The FDO framework is agnostic to the social and political challenges involved in global integration for facilitating easier research access. However, given the pressing issues of biodiversity and climate change, we are compelled to explore how data records can be transformed into FAIR Digital Objects, ensuring broader access and seamless interoperability. Implementing FAIR principles and adopting the FDO framework are keys to meeting the demands of the present times and maximising the potential for impactful research and collaboration across diverse scientific domains.

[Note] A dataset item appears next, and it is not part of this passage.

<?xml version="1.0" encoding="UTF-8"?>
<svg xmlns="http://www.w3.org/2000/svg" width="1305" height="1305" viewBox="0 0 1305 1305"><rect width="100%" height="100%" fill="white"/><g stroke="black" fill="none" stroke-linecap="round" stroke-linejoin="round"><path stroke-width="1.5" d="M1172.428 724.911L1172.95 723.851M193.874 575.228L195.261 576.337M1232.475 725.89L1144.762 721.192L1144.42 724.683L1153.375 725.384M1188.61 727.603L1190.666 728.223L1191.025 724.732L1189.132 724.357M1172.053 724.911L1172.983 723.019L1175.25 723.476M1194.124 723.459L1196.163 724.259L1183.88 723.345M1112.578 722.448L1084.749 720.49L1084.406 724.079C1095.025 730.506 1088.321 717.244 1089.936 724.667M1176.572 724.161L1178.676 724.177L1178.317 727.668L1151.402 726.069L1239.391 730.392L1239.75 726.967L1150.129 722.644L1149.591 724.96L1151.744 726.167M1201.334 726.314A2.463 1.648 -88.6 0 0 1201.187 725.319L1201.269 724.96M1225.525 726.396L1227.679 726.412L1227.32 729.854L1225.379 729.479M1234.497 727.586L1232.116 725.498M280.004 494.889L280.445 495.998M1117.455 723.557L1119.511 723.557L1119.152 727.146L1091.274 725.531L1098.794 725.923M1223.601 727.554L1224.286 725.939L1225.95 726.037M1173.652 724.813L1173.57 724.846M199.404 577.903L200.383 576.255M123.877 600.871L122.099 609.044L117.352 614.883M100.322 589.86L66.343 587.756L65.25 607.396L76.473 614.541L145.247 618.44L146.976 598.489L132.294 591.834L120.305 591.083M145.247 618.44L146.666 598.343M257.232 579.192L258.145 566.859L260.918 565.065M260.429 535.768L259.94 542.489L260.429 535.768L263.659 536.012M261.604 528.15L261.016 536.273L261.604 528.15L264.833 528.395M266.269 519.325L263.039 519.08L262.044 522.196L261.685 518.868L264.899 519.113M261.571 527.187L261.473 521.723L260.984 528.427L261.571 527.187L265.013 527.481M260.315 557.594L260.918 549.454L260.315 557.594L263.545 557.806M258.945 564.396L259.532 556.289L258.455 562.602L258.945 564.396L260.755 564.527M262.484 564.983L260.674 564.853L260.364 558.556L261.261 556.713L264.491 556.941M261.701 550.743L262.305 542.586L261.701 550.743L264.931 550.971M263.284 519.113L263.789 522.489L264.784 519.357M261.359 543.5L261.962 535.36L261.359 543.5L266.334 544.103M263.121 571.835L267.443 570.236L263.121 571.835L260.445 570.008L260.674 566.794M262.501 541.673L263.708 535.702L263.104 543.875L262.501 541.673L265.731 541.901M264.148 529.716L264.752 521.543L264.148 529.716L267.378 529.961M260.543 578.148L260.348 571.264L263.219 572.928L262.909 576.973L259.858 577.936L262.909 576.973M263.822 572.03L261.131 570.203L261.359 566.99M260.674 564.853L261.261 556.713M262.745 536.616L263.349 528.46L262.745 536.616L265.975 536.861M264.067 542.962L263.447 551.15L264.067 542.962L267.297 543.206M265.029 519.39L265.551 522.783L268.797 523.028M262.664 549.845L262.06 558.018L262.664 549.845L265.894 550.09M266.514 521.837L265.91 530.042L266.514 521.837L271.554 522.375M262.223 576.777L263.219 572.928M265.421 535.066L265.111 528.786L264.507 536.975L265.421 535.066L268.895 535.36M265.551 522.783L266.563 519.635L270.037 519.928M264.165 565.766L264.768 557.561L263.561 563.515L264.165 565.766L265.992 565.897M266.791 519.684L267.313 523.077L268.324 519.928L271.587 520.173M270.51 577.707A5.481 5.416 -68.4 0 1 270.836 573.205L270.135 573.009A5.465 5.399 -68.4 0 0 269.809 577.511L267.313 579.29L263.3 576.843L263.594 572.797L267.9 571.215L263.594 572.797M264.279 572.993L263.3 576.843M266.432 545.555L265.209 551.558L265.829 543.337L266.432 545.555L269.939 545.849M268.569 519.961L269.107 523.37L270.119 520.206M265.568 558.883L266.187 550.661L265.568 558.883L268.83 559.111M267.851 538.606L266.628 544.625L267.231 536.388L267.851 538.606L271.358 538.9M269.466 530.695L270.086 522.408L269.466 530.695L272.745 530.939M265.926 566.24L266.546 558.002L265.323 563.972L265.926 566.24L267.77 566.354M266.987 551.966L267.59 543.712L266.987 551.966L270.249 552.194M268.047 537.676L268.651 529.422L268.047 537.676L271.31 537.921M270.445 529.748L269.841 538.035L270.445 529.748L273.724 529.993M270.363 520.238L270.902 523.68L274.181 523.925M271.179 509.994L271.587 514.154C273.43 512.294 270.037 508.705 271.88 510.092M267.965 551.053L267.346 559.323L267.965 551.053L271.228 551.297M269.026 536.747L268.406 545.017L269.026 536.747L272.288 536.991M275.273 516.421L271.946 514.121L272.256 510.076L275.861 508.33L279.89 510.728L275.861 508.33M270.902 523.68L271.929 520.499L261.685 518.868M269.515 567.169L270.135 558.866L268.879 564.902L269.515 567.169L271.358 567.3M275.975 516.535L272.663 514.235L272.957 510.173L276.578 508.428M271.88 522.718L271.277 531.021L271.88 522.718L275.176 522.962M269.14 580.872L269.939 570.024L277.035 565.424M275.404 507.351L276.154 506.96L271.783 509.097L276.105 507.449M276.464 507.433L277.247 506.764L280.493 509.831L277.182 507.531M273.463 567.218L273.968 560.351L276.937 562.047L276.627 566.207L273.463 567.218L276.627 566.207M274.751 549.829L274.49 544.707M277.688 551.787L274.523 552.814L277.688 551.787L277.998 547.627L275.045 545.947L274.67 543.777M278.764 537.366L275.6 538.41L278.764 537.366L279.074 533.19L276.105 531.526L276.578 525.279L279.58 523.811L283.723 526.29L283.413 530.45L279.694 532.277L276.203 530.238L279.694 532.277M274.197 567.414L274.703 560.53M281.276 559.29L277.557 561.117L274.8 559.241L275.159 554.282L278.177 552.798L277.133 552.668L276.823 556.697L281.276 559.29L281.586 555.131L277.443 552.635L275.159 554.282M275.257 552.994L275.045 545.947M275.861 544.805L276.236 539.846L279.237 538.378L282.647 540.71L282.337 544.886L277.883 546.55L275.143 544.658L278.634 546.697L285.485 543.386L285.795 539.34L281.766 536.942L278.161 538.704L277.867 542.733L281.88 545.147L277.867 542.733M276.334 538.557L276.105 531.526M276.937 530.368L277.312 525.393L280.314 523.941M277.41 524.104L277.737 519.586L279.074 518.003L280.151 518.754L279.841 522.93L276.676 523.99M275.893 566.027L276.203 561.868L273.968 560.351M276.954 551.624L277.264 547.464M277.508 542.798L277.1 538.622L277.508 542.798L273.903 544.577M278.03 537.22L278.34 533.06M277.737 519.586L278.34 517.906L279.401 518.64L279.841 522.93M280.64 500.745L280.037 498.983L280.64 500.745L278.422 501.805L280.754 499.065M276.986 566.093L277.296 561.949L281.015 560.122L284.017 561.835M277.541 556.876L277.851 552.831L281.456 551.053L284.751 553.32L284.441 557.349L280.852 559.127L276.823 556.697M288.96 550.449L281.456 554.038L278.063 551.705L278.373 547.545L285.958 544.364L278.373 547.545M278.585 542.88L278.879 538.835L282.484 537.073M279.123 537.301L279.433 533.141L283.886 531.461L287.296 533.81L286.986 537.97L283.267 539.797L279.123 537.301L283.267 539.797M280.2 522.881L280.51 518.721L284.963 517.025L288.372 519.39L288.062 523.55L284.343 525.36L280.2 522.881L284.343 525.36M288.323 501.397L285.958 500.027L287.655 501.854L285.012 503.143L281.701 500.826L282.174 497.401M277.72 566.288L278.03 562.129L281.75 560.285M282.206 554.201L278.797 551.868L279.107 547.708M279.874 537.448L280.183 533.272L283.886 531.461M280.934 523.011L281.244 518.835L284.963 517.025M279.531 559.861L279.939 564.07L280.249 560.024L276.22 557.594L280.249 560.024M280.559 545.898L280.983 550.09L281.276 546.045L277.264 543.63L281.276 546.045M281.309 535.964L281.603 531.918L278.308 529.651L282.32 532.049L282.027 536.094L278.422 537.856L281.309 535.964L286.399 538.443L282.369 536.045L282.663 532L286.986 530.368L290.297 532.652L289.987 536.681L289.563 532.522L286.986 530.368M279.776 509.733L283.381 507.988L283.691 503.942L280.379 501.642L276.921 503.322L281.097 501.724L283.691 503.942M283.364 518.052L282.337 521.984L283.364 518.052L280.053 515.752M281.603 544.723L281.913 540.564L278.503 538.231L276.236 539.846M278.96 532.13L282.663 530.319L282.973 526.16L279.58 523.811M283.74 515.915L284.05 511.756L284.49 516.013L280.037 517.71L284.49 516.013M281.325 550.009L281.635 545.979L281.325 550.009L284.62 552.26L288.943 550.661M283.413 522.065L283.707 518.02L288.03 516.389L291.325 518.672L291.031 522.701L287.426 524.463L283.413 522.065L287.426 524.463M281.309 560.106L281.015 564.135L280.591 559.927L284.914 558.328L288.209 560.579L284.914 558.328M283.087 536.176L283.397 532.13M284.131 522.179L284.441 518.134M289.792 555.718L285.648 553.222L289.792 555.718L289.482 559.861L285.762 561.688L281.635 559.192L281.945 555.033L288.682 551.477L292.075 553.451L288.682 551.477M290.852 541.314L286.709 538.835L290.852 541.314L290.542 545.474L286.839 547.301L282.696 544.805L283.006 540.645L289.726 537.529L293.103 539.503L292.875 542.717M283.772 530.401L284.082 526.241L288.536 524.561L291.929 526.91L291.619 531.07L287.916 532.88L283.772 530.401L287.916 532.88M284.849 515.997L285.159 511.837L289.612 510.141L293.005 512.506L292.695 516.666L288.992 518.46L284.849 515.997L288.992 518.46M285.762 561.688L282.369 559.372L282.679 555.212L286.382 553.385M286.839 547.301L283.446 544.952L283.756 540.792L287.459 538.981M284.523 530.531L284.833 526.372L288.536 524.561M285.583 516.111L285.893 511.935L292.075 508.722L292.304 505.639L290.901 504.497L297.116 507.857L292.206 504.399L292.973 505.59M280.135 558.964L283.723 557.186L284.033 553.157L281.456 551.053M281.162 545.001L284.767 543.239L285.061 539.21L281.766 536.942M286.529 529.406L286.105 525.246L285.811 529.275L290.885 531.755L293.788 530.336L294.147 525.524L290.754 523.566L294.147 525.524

The authors would like to acknowledge the attendees of the First International Conference on FAIR Digital Objects (2022) for their valuable feedback. We also want to express our gratitude for the feedback provided by the DiSSCo Technical Team. The work on DiSSCo received funding from the European Union under grant agreements no. 871043 (DiSSCo Prepare) and 101007492 (BiCIKL).
A reviewer of this paper is affiliated with the DiSSCo Project.